**PROBLEM DESCRIPTION:**
Within the entries below, find the portion that opens with the line containing "#62=VERTEX_POINT('',#61);" and closes with the line containing "#72=EDGE_CURVE('E51',#62,#71,#69,.T.);". Retype that portion exactly and only.

**MATERIAL PROVIDED:**
★ ★ ★ ★ ★ ★ ★

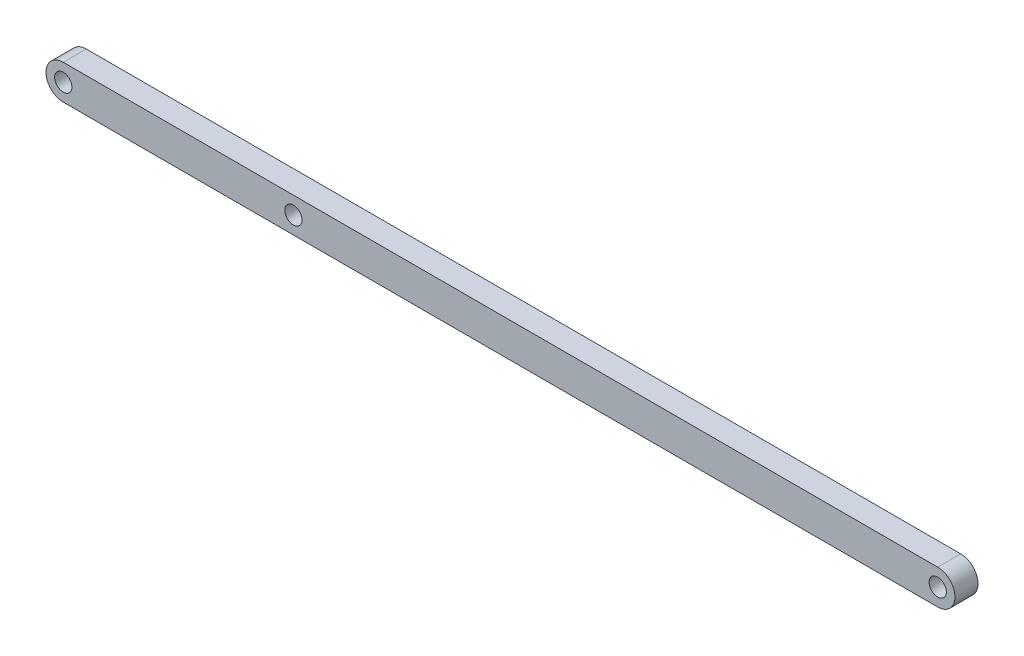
ISO-10303-21;
HEADER;
FILE_DESCRIPTION(('STEP AP214'),'2;1');
FILE_NAME('part.step','',(''),(''),'','','');
FILE_SCHEMA(('AUTOMOTIVE_DESIGN { 1 0 10303 214 1 1 1 1 }'));
ENDSEC;
DATA;
#1=APPLICATION_CONTEXT('core data for automotive mechanical design processes');
#2=APPLICATION_PROTOCOL_DEFINITION('international standard','automotive_design',2000,#1);
#3=PRODUCT_CONTEXT('',#1,'mechanical');
#4=PRODUCT('Part','Part','',(#3));
#5=PRODUCT_RELATED_PRODUCT_CATEGORY('part','',(#4));
#6=PRODUCT_DEFINITION_FORMATION('','',#4);
#7=PRODUCT_DEFINITION_CONTEXT('part definition',#1,'design');
#8=PRODUCT_DEFINITION('design','',#6,#7);
#9=PRODUCT_DEFINITION_SHAPE('','',#8);
#10=(LENGTH_UNIT() NAMED_UNIT(*) SI_UNIT(.MILLI.,.METRE.));
#11=(NAMED_UNIT(*) PLANE_ANGLE_UNIT() SI_UNIT($,.RADIAN.));
#12=(NAMED_UNIT(*) SI_UNIT($,.STERADIAN.) SOLID_ANGLE_UNIT());
#13=UNCERTAINTY_MEASURE_WITH_UNIT(LENGTH_MEASURE(1.E-05),#10,'distance_accuracy_value','');
#14=(GEOMETRIC_REPRESENTATION_CONTEXT(3) GLOBAL_UNCERTAINTY_ASSIGNED_CONTEXT((#13)) GLOBAL_UNIT_ASSIGNED_CONTEXT((#10,
#11,#12)) REPRESENTATION_CONTEXT('',''));
#15=CARTESIAN_POINT('',(0.,0.,0.));
#16=DIRECTION('',(0.,0.,1.));
#17=DIRECTION('',(1.,0.,0.));
#18=AXIS2_PLACEMENT_3D('',#15,#16,#17);
#19=CARTESIAN_POINT('',(0.,0.,2.));
#20=DIRECTION('',(0.,0.,1.));
#21=DIRECTION('',(1.,0.,0.));
#22=AXIS2_PLACEMENT_3D('',#19,#20,#21);
#23=PLANE('',#22);
#24=CARTESIAN_POINT('',(20.,0.,2.));
#25=DIRECTION('',(0.,0.,1.));
#26=DIRECTION('',(1.,0.,0.));
#27=AXIS2_PLACEMENT_3D('',#24,#25,#26);
#28=CIRCLE('',#27,0.749999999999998);
#29=CARTESIAN_POINT('',(20.75,0.,2.));
#30=VERTEX_POINT('',#29);
#31=EDGE_CURVE('E129',#30,#30,#28,.T.);
#32=ORIENTED_EDGE('',*,*,#31,.F.);
#33=EDGE_LOOP('',(#32));
#34=FACE_BOUND('',#33,.T.);
#35=CARTESIAN_POINT('',(0.,0.,2.));
#36=DIRECTION('',(0.,0.,1.));
#37=DIRECTION('',(1.,0.,0.));
#38=AXIS2_PLACEMENT_3D('',#35,#36,#37);
#39=CIRCLE('',#38,0.75);
#40=CARTESIAN_POINT('',(0.75,0.,2.));
#41=VERTEX_POINT('',#40);
#42=EDGE_CURVE('E90',#41,#41,#39,.T.);
#43=ORIENTED_EDGE('',*,*,#42,.F.);
#44=EDGE_LOOP('',(#43));
#45=FACE_BOUND('',#44,.T.);
#46=CARTESIAN_POINT('',(0.,0.,2.));
#47=DIRECTION('',(0.,0.,1.));
#48=DIRECTION('',(1.,0.,0.));
#49=AXIS2_PLACEMENT_3D('',#46,#47,#48);
#50=CIRCLE('',#49,1.5);
#51=CARTESIAN_POINT('',(0.,1.5,2.));
#52=VERTEX_POINT('',#51);
#53=CARTESIAN_POINT('',(0.,-1.5,2.));
#54=VERTEX_POINT('',#53);
#55=EDGE_CURVE('E100',#52,#54,#50,.T.);
#56=ORIENTED_EDGE('',*,*,#55,.T.);
#57=DIRECTION('',(1.,0.,0.));
#58=VECTOR('',#57,1.);
#59=CARTESIAN_POINT('',(0.,-1.5,2.));
#60=LINE('',#59,#58);
#61=CARTESIAN_POINT('',(76.0000000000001,-1.5,2.));
#62=VERTEX_POINT('',#61);
#63=EDGE_CURVE('E85',#54,#62,#60,.T.);
#64=ORIENTED_EDGE('',*,*,#63,.T.);
#65=CARTESIAN_POINT('',(76.0000000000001,0.,2.));
#66=DIRECTION('',(0.,0.,1.));
#67=DIRECTION('',(1.,0.,0.));
#68=AXIS2_PLACEMENT_3D('',#65,#66,#67);
#69=CIRCLE('',#68,1.5);
#70=CARTESIAN_POINT('',(76.,1.5,2.));
#71=VERTEX_POINT('',#70);
#72=EDGE_CURVE('E51',#62,#71,#69,.T.);
#73=ORIENTED_EDGE('',*,*,#72,.T.);
#74=DIRECTION('',(-1.,0.,0.));
#75=VECTOR('',#74,1.);
#76=CARTESIAN_POINT('',(0.,1.5,2.));
#77=LINE('',#76,#75);
#78=EDGE_CURVE('E46',#71,#52,#77,.T.);
#79=ORIENTED_EDGE('',*,*,#78,.T.);
#80=EDGE_LOOP('',(#56,#64,#73,#79));
#81=FACE_BOUND('',#80,.T.);
#82=CARTESIAN_POINT('',(76.0000000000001,0.,2.));
#83=DIRECTION('',(0.,0.,1.));
#84=DIRECTION('',(1.,0.,0.));
#85=AXIS2_PLACEMENT_3D('',#82,#83,#84);
#86=CIRCLE('',#85,0.749999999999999);
#87=CARTESIAN_POINT('',(76.7500000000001,0.,2.));
#88=VERTEX_POINT('',#87);
#89=EDGE_CURVE('E118',#88,#88,#86,.T.);
#90=ORIENTED_EDGE('',*,*,#89,.F.);
#91=EDGE_LOOP('',(#90));
#92=FACE_BOUND('',#91,.T.);
#93=ADVANCED_FACE('F31',(#34,#45,#81,#92),#23,.T.);
#94=CARTESIAN_POINT('',(0.,0.,0.));
#95=DIRECTION('',(0.,0.,1.));
#96=DIRECTION('',(1.,0.,0.));
#97=AXIS2_PLACEMENT_3D('',#94,#95,#96);
#98=PLANE('',#97);
#99=CARTESIAN_POINT('',(20.,0.,0.));
#100=DIRECTION('',(0.,0.,1.));
#101=DIRECTION('',(1.,0.,0.));
#102=AXIS2_PLACEMENT_3D('',#99,#100,#101);
#103=CIRCLE('',#102,0.749999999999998);
#104=CARTESIAN_POINT('',(20.75,0.,0.));
#105=VERTEX_POINT('',#104);
#106=EDGE_CURVE('E124',#105,#105,#103,.T.);
#107=ORIENTED_EDGE('',*,*,#106,.T.);
#108=EDGE_LOOP('',(#107));
#109=FACE_BOUND('',#108,.T.);
#110=CARTESIAN_POINT('',(0.,0.,0.));
#111=DIRECTION('',(0.,0.,1.));
#112=DIRECTION('',(1.,0.,0.));
#113=AXIS2_PLACEMENT_3D('',#110,#111,#112);
#114=CIRCLE('',#113,0.75);
#115=CARTESIAN_POINT('',(0.75,0.,0.));
#116=VERTEX_POINT('',#115);
#117=EDGE_CURVE('E93',#116,#116,#114,.T.);
#118=ORIENTED_EDGE('',*,*,#117,.T.);
#119=EDGE_LOOP('',(#118));
#120=FACE_BOUND('',#119,.T.);
#121=CARTESIAN_POINT('',(0.,0.,0.));
#122=DIRECTION('',(0.,0.,1.));
#123=DIRECTION('',(1.,0.,0.));
#124=AXIS2_PLACEMENT_3D('',#121,#122,#123);
#125=CIRCLE('',#124,1.5);
#126=CARTESIAN_POINT('',(0.,1.5,0.));
#127=VERTEX_POINT('',#126);
#128=CARTESIAN_POINT('',(0.,-1.5,0.));
#129=VERTEX_POINT('',#128);
#130=EDGE_CURVE('E77',#127,#129,#125,.T.);
#131=ORIENTED_EDGE('',*,*,#130,.F.);
#132=DIRECTION('',(-1.,0.,0.));
#133=VECTOR('',#132,1.);
#134=CARTESIAN_POINT('',(0.,1.5,0.));
#135=LINE('',#134,#133);
#136=CARTESIAN_POINT('',(76.,1.5,0.));
#137=VERTEX_POINT('',#136);
#138=EDGE_CURVE('E98',#137,#127,#135,.T.);
#139=ORIENTED_EDGE('',*,*,#138,.F.);
#140=CARTESIAN_POINT('',(76.0000000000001,0.,0.));
#141=DIRECTION('',(0.,0.,1.));
#142=DIRECTION('',(1.,0.,0.));
#143=AXIS2_PLACEMENT_3D('',#140,#141,#142);
#144=CIRCLE('',#143,1.5);
#145=CARTESIAN_POINT('',(76.0000000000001,-1.5,0.));
#146=VERTEX_POINT('',#145);
#147=EDGE_CURVE('E78',#146,#137,#144,.T.);
#148=ORIENTED_EDGE('',*,*,#147,.F.);
#149=DIRECTION('',(1.,0.,0.));
#150=VECTOR('',#149,1.);
#151=CARTESIAN_POINT('',(0.,-1.5,0.));
#152=LINE('',#151,#150);
#153=EDGE_CURVE('E72',#129,#146,#152,.T.);
#154=ORIENTED_EDGE('',*,*,#153,.F.);
#155=EDGE_LOOP('',(#131,#139,#148,#154));
#156=FACE_BOUND('',#155,.T.);
#157=CARTESIAN_POINT('',(76.0000000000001,0.,0.));
#158=DIRECTION('',(0.,0.,1.));
#159=DIRECTION('',(1.,0.,0.));
#160=AXIS2_PLACEMENT_3D('',#157,#158,#159);
#161=CIRCLE('',#160,0.749999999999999);
#162=CARTESIAN_POINT('',(76.7500000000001,0.,0.));
#163=VERTEX_POINT('',#162);
#164=EDGE_CURVE('E120',#163,#163,#161,.T.);
#165=ORIENTED_EDGE('',*,*,#164,.T.);
#166=EDGE_LOOP('',(#165));
#167=FACE_BOUND('',#166,.T.);
#168=ADVANCED_FACE('F73',(#109,#120,#156,#167),#98,.F.);
#169=CARTESIAN_POINT('',(0.,0.,2.));
#170=DIRECTION('',(0.,0.,-1.));
#171=DIRECTION('',(-1.,0.,0.));
#172=AXIS2_PLACEMENT_3D('',#169,#170,#171);
#173=CYLINDRICAL_SURFACE('',#172,1.5);
#174=ORIENTED_EDGE('',*,*,#130,.T.);
#175=DIRECTION('',(0.,0.,-1.));
#176=VECTOR('',#175,1.);
#177=CARTESIAN_POINT('',(0.,-1.5,2.));
#178=LINE('',#177,#176);
#179=EDGE_CURVE('E11',#54,#129,#178,.T.);
#180=ORIENTED_EDGE('',*,*,#179,.F.);
#181=ORIENTED_EDGE('',*,*,#55,.F.);
#182=DIRECTION('',(0.,0.,-1.));
#183=VECTOR('',#182,1.);
#184=CARTESIAN_POINT('',(0.,1.5,2.));
#185=LINE('',#184,#183);
#186=EDGE_CURVE('E89',#52,#127,#185,.T.);
#187=ORIENTED_EDGE('',*,*,#186,.T.);
#188=EDGE_LOOP('',(#174,#180,#181,#187));
#189=FACE_BOUND('',#188,.T.);
#190=ADVANCED_FACE('F33',(#189),#173,.T.);
#191=CARTESIAN_POINT('',(0.,-1.5,2.));
#192=DIRECTION('',(0.,1.,0.));
#193=DIRECTION('',(0.,0.,1.));
#194=AXIS2_PLACEMENT_3D('',#191,#192,#193);
#195=PLANE('',#194);
#196=ORIENTED_EDGE('',*,*,#153,.T.);
#197=DIRECTION('',(0.,0.,-1.));
#198=VECTOR('',#197,1.);
#199=CARTESIAN_POINT('',(76.0000000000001,-1.5,2.));
#200=LINE('',#199,#198);
#201=EDGE_CURVE('E39',#62,#146,#200,.T.);
#202=ORIENTED_EDGE('',*,*,#201,.F.);
#203=ORIENTED_EDGE('',*,*,#63,.F.);
#204=ORIENTED_EDGE('',*,*,#179,.T.);
#205=EDGE_LOOP('',(#196,#202,#203,#204));
#206=FACE_BOUND('',#205,.T.);
#207=ADVANCED_FACE('F84',(#206),#195,.F.);
#208=CARTESIAN_POINT('',(76.0000000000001,0.,2.));
#209=DIRECTION('',(0.,0.,-1.));
#210=DIRECTION('',(-1.,0.,0.));
#211=AXIS2_PLACEMENT_3D('',#208,#209,#210);
#212=CYLINDRICAL_SURFACE('',#211,1.5);
#213=ORIENTED_EDGE('',*,*,#147,.T.);
#214=DIRECTION('',(0.,0.,-1.));
#215=VECTOR('',#214,1.);
#216=CARTESIAN_POINT('',(76.,1.5,2.));
#217=LINE('',#216,#215);
#218=EDGE_CURVE('E106',#71,#137,#217,.T.);
#219=ORIENTED_EDGE('',*,*,#218,.F.);
#220=ORIENTED_EDGE('',*,*,#72,.F.);
#221=ORIENTED_EDGE('',*,*,#201,.T.);
#222=EDGE_LOOP('',(#213,#219,#220,#221));
#223=FACE_BOUND('',#222,.T.);
#224=ADVANCED_FACE('F109',(#223),#212,.T.);
#225=CARTESIAN_POINT('',(0.,1.5,2.));
#226=DIRECTION('',(0.,-1.,0.));
#227=DIRECTION('',(0.,0.,-1.));
#228=AXIS2_PLACEMENT_3D('',#225,#226,#227);
#229=PLANE('',#228);
#230=ORIENTED_EDGE('',*,*,#138,.T.);
#231=ORIENTED_EDGE('',*,*,#186,.F.);
#232=ORIENTED_EDGE('',*,*,#78,.F.);
#233=ORIENTED_EDGE('',*,*,#218,.T.);
#234=EDGE_LOOP('',(#230,#231,#232,#233));
#235=FACE_BOUND('',#234,.T.);
#236=ADVANCED_FACE('F111',(#235),#229,.F.);
#237=CARTESIAN_POINT('',(0.,0.,2.));
#238=DIRECTION('',(0.,0.,-1.));
#239=DIRECTION('',(-1.,0.,0.));
#240=AXIS2_PLACEMENT_3D('',#237,#238,#239);
#241=CYLINDRICAL_SURFACE('',#240,0.75);
#242=ORIENTED_EDGE('',*,*,#42,.T.);
#243=EDGE_LOOP('',(#242));
#244=FACE_BOUND('',#243,.T.);
#245=ORIENTED_EDGE('',*,*,#117,.F.);
#246=EDGE_LOOP('',(#245));
#247=FACE_BOUND('',#246,.T.);
#248=ADVANCED_FACE('F137',(#244,#247),#241,.F.);
#249=CARTESIAN_POINT('',(76.0000000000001,0.,2.));
#250=DIRECTION('',(0.,0.,-1.));
#251=DIRECTION('',(-1.,0.,0.));
#252=AXIS2_PLACEMENT_3D('',#249,#250,#251);
#253=CYLINDRICAL_SURFACE('',#252,0.749999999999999);
#254=ORIENTED_EDGE('',*,*,#89,.T.);
#255=EDGE_LOOP('',(#254));
#256=FACE_BOUND('',#255,.T.);
#257=ORIENTED_EDGE('',*,*,#164,.F.);
#258=EDGE_LOOP('',(#257));
#259=FACE_BOUND('',#258,.T.);
#260=ADVANCED_FACE('F140',(#256,#259),#253,.F.);
#261=CARTESIAN_POINT('',(20.,0.,0.));
#262=DIRECTION('',(0.,0.,1.));
#263=DIRECTION('',(1.,0.,0.));
#264=AXIS2_PLACEMENT_3D('',#261,#262,#263);
#265=CYLINDRICAL_SURFACE('',#264,0.749999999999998);
#266=ORIENTED_EDGE('',*,*,#106,.F.);
#267=EDGE_LOOP('',(#266));
#268=FACE_BOUND('',#267,.T.);
#269=ORIENTED_EDGE('',*,*,#31,.T.);
#270=EDGE_LOOP('',(#269));
#271=FACE_BOUND('',#270,.T.);
#272=ADVANCED_FACE('F133',(#268,#271),#265,.F.);
#273=CLOSED_SHELL('',(#93,#168,#190,#207,#224,#236,#248,#260,#272));
#274=MANIFOLD_SOLID_BREP('B2',#273);
#275=ADVANCED_BREP_SHAPE_REPRESENTATION('',(#18,#274),#14);
#276=SHAPE_DEFINITION_REPRESENTATION(#9,#275);
ENDSEC;
END-ISO-10303-21;

★ ★ ★ ★ ★ ★ ★

**EXERCISE ANSWER:**
#62=VERTEX_POINT('',#61);
#63=EDGE_CURVE('E85',#54,#62,#60,.T.);
#64=ORIENTED_EDGE('',*,*,#63,.T.);
#65=CARTESIAN_POINT('',(76.0000000000001,0.,2.));
#66=DIRECTION('',(0.,0.,1.));
#67=DIRECTION('',(1.,0.,0.));
#68=AXIS2_PLACEMENT_3D('',#65,#66,#67);
#69=CIRCLE('',#68,1.5);
#70=CARTESIAN_POINT('',(76.,1.5,2.));
#71=VERTEX_POINT('',#70);
#72=EDGE_CURVE('E51',#62,#71,#69,.T.);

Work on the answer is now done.